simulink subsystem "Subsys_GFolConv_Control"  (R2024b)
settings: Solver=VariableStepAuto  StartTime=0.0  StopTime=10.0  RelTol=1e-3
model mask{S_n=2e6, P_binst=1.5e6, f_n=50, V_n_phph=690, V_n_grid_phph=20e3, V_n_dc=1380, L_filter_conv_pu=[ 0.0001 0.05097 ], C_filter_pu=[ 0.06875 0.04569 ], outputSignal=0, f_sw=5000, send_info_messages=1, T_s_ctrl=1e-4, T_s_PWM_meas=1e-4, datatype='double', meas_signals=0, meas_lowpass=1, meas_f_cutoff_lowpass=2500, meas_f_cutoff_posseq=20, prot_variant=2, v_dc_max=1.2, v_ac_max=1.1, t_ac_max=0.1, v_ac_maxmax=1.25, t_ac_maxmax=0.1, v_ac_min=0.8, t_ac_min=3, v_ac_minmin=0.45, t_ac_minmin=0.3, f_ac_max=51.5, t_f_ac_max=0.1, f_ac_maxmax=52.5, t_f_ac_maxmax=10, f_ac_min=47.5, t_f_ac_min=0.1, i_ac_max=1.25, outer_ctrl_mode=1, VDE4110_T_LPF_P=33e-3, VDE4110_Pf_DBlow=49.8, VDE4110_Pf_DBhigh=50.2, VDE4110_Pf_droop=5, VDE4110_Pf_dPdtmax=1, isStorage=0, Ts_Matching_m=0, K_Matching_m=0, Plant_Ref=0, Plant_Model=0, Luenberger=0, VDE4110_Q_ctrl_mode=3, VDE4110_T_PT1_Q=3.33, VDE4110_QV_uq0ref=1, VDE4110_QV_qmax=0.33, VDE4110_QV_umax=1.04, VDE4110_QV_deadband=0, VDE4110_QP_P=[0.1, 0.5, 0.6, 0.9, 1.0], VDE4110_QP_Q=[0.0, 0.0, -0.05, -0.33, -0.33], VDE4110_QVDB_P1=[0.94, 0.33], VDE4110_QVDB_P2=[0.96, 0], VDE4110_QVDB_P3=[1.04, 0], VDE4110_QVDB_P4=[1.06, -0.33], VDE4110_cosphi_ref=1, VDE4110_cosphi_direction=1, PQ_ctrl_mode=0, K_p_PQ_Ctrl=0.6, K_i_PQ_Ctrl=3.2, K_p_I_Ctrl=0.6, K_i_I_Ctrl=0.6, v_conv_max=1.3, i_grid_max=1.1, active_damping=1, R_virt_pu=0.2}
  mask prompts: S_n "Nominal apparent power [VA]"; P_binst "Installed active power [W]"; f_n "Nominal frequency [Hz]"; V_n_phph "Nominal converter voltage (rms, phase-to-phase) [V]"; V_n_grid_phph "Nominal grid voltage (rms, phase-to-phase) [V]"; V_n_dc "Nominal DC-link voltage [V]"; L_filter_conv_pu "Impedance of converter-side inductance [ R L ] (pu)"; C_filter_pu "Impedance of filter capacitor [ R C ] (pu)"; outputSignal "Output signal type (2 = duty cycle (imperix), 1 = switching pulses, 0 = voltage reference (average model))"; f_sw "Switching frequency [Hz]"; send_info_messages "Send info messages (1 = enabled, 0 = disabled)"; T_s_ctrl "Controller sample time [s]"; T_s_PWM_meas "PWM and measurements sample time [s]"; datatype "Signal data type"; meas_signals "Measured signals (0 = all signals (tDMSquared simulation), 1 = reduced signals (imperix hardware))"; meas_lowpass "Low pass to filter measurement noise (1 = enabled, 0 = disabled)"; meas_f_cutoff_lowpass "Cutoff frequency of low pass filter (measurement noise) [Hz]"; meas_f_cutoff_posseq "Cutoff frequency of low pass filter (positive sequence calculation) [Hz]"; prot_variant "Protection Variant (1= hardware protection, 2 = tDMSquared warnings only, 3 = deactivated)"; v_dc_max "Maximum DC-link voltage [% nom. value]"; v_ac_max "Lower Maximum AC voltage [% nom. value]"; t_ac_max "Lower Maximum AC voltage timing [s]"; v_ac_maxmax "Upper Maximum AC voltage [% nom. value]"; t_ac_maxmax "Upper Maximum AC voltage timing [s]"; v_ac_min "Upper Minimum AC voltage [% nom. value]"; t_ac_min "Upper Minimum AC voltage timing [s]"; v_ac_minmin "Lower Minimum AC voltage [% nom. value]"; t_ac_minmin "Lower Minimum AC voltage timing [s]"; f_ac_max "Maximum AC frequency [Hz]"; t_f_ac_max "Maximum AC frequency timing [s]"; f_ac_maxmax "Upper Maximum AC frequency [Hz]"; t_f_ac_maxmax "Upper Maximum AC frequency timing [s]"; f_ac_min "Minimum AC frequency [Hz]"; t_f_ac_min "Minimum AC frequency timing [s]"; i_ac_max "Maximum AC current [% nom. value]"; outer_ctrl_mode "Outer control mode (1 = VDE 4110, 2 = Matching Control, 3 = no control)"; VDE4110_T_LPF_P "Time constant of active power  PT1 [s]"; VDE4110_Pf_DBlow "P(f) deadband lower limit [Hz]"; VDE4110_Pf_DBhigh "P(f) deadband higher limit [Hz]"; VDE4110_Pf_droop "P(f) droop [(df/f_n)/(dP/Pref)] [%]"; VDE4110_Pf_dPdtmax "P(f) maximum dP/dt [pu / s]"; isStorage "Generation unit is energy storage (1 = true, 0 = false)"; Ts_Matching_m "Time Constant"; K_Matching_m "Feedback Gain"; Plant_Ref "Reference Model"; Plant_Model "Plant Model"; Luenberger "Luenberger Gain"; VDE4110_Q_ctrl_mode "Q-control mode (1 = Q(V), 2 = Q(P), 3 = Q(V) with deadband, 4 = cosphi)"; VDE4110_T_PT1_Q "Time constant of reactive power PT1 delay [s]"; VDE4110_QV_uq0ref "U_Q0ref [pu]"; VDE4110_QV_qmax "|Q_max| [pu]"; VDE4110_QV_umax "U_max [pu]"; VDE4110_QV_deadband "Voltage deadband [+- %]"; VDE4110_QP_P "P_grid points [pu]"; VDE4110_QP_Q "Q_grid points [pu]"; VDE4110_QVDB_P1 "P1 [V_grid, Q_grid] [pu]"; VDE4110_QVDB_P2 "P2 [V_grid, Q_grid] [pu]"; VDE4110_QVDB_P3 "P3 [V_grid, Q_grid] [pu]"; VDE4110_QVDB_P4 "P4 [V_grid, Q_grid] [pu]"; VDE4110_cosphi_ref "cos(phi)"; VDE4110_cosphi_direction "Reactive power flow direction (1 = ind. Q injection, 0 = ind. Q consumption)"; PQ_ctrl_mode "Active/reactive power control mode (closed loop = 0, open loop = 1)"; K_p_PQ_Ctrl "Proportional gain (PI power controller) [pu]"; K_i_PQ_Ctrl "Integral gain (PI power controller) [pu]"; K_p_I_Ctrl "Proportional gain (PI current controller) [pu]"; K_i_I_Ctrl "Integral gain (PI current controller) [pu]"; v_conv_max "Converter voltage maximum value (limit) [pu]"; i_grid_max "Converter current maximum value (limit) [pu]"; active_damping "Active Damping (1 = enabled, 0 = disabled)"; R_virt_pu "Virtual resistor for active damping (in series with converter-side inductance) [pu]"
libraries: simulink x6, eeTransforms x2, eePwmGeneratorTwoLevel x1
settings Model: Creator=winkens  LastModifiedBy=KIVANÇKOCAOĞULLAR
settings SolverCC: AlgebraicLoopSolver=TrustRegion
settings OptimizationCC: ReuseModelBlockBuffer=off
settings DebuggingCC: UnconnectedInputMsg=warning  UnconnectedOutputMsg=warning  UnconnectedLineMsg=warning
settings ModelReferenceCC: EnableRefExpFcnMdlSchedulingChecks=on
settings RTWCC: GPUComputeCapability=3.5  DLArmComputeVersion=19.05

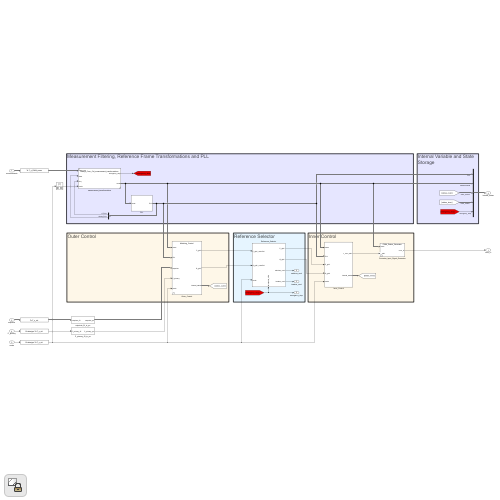
[thumbnail: Simulink's stored preview of the top-level diagram]
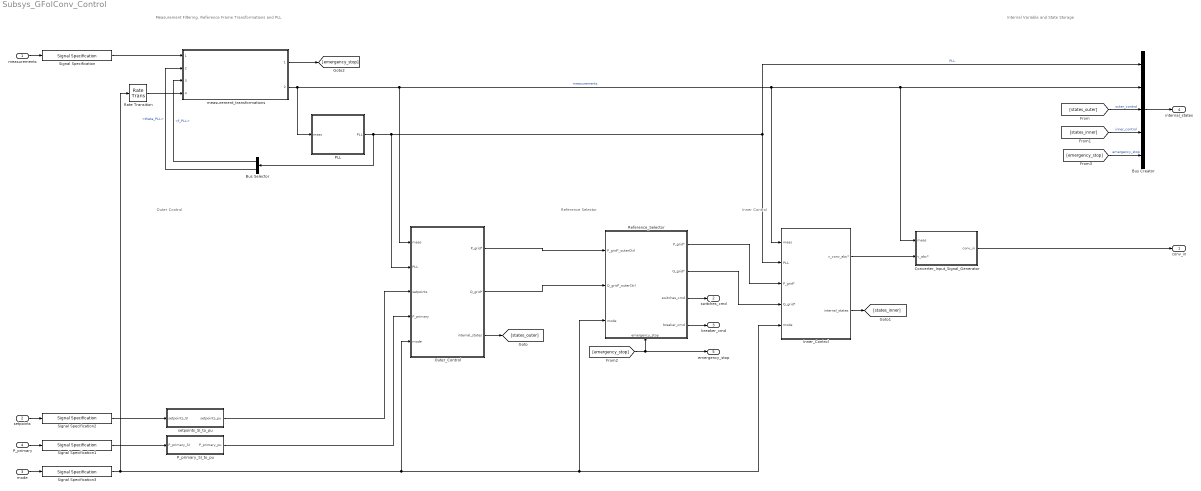
== system Subsys_GFolConv_Control ==
  note: Reference Selector
  note: Measurement Filtering, Reference Frame Transformations and PLL
  note: Outer Control
  note: Inner Control
  note: Internal Variable and State
      | Storage
  measurements : Inport
  setpoints : Inport  Port=2
  mode : Inport  Port=3
  P_primary : Inport  Port=4
  Bus Creator : BusCreator  Inputs=5
  Bus Selector : BusSelector  OutputSignals=f_PLL,theta_PLL
  Converter_Input_Signal_Generator : Subsystem  Variant=on
  Inner_Control : Subsystem
  Outer_Control : Subsystem  Variant=on  VariantControl=Choice
  PLL : Subsystem
  P_primary_SI_to_pu : Subsystem
  Rate Transition : RateTransition  OutPortSampleTime=T_s_PWM_meas
  Reference_Selector : Subsystem
      settings: PortSchema="{\"entries\":[{\"content\":{\"sides\":[{\"content\":{\"connectorIds\":[\"In1\",\"In2\",\"In3\"]},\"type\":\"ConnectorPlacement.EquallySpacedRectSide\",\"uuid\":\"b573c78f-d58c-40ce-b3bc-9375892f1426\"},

##########

**What the exercise asks:** All that should be printed is the run of lines above from the one with "settings DebuggingCC: UnconnectedInputMsg=warning" through the one with "Reference_Selector : Subsystem", both included, exactly as given, with pictures left out.

**Your solution:**
settings DebuggingCC: UnconnectedInputMsg=warning  UnconnectedOutputMsg=warning  UnconnectedLineMsg=warning
settings ModelReferenceCC: EnableRefExpFcnMdlSchedulingChecks=on
settings RTWCC: GPUComputeCapability=3.5  DLArmComputeVersion=19.05

[thumbnail: Simulink's stored preview of the top-level diagram]
== system Subsys_GFolConv_Control ==
  note: Reference Selector
  note: Measurement Filtering, Reference Frame Transformations and PLL
  note: Outer Control
  note: Inner Control
  note: Internal Variable and State
      | Storage
  measurements : Inport
  setpoints : Inport  Port=2
  mode : Inport  Port=3
  P_primary : Inport  Port=4
  Bus Creator : BusCreator  Inputs=5
  Bus Selector : BusSelector  OutputSignals=f_PLL,theta_PLL
  Converter_Input_Signal_Generator : Subsystem  Variant=on
  Inner_Control : Subsystem
  Outer_Control : Subsystem  Variant=on  VariantControl=Choice
  PLL : Subsystem
  P_primary_SI_to_pu : Subsystem
  Rate Transition : RateTransition  OutPortSampleTime=T_s_PWM_meas
  Reference_Selector : Subsystem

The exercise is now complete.